**TASK TO CARRY OUT**
Quote from the first line below through the line that contains "import ezdxf", both included, and leave the pictures out.

--- DATA FOR THIS TASK Enclosed Below ---

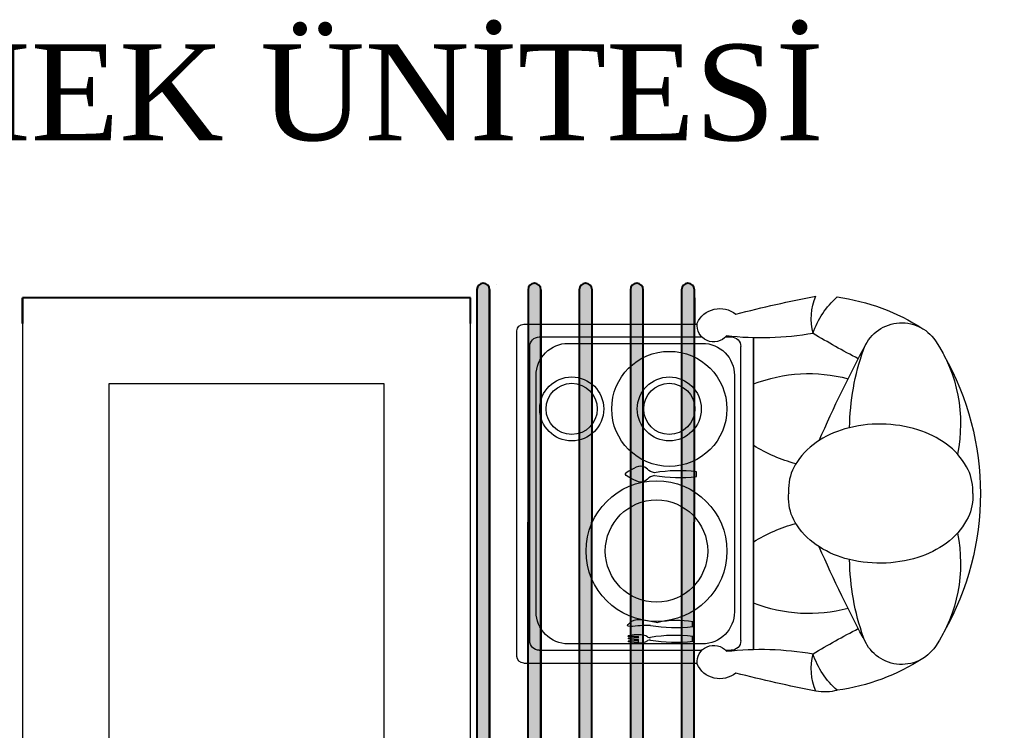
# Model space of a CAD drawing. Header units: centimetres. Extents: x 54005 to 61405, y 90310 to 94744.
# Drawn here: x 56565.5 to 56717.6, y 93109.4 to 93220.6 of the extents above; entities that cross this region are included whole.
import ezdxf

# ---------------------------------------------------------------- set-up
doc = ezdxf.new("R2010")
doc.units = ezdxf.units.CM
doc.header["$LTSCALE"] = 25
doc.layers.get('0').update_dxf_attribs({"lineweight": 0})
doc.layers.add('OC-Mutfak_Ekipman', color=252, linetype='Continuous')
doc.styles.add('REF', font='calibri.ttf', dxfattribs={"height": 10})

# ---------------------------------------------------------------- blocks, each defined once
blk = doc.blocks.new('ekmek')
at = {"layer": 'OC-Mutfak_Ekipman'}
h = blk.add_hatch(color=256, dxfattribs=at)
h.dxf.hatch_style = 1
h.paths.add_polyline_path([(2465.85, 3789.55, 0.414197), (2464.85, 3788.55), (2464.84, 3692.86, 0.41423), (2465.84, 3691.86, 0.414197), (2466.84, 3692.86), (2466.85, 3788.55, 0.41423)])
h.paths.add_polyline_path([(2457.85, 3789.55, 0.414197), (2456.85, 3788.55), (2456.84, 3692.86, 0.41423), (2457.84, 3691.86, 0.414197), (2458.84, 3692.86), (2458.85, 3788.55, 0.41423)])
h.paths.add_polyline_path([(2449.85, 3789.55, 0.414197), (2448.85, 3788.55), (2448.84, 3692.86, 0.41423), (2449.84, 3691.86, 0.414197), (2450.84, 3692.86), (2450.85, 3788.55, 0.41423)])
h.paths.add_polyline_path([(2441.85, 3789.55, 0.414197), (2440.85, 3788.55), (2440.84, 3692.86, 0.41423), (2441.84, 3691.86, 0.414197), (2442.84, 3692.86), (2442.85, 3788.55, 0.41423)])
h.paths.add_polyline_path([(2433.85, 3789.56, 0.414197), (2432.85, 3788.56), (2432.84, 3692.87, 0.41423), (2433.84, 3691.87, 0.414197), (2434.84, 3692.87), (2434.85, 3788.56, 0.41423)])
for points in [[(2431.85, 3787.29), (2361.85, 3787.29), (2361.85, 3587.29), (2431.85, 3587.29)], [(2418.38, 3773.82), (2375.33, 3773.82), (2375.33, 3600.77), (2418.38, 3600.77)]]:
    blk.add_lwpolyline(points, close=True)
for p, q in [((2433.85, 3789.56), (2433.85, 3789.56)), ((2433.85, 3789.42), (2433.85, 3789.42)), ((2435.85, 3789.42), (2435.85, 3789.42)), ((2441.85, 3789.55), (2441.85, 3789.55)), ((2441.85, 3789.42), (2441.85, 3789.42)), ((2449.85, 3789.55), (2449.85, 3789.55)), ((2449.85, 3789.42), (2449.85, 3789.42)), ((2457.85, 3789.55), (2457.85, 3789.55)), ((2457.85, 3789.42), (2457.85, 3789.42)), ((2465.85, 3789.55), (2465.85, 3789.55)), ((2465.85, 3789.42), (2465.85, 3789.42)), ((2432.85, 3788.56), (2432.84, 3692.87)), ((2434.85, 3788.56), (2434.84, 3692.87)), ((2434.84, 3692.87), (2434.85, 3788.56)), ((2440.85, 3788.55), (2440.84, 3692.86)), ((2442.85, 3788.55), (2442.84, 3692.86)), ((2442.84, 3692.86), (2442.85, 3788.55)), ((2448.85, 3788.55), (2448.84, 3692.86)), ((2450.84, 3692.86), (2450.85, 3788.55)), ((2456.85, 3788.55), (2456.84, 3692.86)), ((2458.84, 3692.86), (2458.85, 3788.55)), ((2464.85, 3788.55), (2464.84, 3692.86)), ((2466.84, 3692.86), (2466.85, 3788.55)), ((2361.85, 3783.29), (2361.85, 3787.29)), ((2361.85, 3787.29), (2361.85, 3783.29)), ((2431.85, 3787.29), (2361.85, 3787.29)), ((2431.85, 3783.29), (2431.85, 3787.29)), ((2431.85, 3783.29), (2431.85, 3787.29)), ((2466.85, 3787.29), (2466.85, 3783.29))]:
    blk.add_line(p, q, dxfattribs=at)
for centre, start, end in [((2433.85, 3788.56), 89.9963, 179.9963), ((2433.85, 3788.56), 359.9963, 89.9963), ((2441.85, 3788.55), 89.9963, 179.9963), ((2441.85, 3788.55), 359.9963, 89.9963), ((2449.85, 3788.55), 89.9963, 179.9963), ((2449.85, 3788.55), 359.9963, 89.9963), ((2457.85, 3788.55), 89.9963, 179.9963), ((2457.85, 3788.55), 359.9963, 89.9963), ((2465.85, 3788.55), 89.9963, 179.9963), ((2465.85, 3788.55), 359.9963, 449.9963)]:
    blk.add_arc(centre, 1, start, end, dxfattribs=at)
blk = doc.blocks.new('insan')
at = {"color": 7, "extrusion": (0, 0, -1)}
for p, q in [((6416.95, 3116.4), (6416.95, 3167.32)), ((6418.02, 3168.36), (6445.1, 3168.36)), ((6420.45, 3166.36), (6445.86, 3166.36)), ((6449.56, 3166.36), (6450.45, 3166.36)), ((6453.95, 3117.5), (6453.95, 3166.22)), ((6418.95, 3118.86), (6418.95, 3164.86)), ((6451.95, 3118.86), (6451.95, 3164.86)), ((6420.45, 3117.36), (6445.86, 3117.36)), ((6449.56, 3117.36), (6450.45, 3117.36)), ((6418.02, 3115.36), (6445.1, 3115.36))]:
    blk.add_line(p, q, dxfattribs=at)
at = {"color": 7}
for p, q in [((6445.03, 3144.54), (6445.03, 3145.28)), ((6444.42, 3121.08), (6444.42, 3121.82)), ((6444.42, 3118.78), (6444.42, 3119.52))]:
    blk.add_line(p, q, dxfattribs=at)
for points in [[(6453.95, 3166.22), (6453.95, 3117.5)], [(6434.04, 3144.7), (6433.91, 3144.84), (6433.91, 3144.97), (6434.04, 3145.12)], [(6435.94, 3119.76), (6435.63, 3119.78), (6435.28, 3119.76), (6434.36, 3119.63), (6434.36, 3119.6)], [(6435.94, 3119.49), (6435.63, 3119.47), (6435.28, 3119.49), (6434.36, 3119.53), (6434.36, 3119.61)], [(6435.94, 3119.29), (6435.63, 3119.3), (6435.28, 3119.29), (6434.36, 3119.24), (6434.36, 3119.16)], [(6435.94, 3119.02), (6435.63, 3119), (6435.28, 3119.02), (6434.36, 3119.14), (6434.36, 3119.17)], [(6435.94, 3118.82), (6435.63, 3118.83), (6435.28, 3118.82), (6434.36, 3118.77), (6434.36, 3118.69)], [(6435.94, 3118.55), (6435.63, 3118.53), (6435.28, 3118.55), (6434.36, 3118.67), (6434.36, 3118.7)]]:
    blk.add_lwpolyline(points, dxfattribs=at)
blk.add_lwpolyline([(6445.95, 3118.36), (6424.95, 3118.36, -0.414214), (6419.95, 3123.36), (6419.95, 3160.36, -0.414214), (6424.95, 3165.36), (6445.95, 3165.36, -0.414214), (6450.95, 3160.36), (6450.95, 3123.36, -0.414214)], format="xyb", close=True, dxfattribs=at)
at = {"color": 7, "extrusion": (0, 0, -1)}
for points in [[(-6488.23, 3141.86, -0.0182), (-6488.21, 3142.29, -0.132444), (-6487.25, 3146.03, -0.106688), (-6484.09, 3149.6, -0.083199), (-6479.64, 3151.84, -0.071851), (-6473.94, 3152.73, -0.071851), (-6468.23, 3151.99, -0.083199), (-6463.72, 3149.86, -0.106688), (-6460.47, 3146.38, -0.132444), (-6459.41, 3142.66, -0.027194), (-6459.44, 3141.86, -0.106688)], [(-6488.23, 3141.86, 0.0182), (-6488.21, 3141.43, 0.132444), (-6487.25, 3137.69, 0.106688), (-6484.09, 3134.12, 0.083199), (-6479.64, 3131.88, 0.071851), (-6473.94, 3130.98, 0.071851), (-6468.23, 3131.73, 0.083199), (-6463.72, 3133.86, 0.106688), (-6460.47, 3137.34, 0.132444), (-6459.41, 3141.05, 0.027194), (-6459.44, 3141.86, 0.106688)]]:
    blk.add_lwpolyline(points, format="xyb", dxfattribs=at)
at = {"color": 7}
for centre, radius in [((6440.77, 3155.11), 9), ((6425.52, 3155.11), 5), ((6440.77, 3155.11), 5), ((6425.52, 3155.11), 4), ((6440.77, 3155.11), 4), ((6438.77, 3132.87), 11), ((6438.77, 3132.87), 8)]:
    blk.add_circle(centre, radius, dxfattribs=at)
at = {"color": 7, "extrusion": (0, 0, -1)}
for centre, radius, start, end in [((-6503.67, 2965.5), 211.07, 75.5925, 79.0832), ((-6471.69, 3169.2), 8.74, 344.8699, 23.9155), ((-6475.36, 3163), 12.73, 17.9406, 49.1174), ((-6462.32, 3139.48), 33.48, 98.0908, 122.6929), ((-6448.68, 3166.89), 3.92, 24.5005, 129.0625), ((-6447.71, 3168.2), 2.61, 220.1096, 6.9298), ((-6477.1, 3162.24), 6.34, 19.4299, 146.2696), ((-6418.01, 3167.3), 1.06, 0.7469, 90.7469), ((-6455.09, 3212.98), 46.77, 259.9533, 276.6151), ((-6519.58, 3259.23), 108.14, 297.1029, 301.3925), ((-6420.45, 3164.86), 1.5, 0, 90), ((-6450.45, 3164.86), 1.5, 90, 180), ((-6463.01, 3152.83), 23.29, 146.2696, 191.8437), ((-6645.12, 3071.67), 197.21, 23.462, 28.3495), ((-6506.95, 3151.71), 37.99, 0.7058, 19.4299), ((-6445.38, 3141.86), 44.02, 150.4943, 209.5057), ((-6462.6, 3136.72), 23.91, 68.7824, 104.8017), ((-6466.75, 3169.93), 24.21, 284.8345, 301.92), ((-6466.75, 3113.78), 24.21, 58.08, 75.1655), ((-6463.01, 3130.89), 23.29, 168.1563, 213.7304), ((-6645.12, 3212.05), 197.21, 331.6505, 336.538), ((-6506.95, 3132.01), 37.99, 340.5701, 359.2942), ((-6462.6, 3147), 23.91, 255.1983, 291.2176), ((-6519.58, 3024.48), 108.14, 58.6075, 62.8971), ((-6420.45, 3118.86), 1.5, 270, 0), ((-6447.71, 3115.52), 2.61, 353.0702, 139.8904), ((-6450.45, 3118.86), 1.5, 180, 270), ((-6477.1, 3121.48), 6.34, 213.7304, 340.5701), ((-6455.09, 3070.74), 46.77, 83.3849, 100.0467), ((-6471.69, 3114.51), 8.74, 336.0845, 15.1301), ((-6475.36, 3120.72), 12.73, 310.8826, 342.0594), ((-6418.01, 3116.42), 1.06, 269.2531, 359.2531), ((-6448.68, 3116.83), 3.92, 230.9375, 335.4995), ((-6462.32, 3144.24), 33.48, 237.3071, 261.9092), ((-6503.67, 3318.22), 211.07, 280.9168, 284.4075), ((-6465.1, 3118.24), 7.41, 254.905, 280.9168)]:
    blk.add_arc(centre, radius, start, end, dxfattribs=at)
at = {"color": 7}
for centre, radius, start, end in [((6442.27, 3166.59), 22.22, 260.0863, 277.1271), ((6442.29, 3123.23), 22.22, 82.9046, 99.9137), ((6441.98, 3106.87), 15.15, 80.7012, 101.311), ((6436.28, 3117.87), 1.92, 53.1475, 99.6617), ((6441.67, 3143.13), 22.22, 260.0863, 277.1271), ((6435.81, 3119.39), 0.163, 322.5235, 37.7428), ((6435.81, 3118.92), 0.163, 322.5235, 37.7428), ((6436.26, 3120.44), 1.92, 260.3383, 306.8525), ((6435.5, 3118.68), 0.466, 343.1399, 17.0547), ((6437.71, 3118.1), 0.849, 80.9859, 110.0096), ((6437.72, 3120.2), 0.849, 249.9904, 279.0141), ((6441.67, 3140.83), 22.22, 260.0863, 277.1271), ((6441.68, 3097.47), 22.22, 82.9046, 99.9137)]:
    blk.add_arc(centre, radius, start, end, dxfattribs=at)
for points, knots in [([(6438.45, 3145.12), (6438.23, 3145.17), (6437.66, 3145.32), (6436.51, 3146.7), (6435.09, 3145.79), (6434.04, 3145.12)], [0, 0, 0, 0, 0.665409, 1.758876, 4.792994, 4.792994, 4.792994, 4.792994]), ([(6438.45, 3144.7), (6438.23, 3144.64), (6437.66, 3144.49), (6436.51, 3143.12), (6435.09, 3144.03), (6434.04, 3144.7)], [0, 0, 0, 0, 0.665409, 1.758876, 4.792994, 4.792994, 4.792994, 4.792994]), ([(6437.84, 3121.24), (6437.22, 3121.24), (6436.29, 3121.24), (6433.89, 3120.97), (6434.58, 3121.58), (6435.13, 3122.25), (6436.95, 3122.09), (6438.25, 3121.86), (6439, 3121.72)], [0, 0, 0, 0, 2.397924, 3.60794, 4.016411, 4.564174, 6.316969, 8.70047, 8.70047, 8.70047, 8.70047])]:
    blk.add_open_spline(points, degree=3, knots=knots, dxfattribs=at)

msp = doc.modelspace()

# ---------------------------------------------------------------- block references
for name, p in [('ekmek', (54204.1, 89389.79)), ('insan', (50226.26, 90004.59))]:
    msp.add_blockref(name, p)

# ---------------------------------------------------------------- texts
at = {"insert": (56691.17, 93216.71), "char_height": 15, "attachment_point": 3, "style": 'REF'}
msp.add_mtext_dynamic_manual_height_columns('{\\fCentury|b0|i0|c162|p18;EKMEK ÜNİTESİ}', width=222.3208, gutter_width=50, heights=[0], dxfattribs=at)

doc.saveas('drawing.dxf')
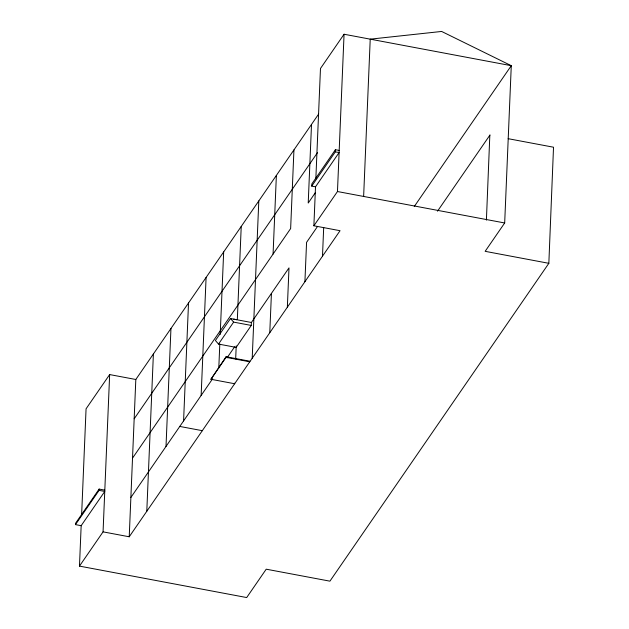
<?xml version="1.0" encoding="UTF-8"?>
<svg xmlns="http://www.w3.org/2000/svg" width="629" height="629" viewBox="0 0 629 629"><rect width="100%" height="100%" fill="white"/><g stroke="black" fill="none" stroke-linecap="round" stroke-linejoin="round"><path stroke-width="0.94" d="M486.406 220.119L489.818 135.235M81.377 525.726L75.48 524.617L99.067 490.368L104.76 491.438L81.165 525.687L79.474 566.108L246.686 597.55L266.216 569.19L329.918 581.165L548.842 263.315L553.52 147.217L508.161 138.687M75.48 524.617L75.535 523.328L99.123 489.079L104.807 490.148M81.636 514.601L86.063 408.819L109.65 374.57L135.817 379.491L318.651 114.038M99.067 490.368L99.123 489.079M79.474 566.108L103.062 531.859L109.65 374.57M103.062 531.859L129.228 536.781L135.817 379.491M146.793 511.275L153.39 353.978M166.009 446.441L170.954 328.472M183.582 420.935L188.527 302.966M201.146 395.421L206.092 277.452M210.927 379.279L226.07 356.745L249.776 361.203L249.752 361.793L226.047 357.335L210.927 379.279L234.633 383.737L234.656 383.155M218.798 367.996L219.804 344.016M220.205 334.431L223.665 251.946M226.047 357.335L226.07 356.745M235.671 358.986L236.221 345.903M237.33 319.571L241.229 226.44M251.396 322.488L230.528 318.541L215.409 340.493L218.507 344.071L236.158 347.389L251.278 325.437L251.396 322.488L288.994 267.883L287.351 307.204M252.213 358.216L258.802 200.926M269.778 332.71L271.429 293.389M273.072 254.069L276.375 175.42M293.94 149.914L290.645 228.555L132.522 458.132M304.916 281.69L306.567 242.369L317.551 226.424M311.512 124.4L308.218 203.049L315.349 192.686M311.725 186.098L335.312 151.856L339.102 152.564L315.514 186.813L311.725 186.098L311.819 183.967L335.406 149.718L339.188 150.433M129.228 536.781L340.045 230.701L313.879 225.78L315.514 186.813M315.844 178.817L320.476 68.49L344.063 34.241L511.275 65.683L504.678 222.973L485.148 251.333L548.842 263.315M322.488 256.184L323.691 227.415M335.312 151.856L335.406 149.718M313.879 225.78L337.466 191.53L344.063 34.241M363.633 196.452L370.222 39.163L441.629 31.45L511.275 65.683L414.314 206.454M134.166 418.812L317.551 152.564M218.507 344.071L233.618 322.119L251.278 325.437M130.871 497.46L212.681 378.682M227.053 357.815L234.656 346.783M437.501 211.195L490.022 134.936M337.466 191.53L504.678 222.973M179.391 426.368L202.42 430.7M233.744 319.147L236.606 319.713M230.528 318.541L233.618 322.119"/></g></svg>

--- End of Enclosed DATA FOR THIS TASK ---

**RESULT BELOW**
# Model space of a CAD drawing. Header units: centimetres. Extents: x 54005 to 61405, y 90310 to 94744.
# Drawn here: x 56565.5 to 56717.6, y 93109.4 to 93220.6 of the extents above; entities that cross this region are included whole.
import ezdxf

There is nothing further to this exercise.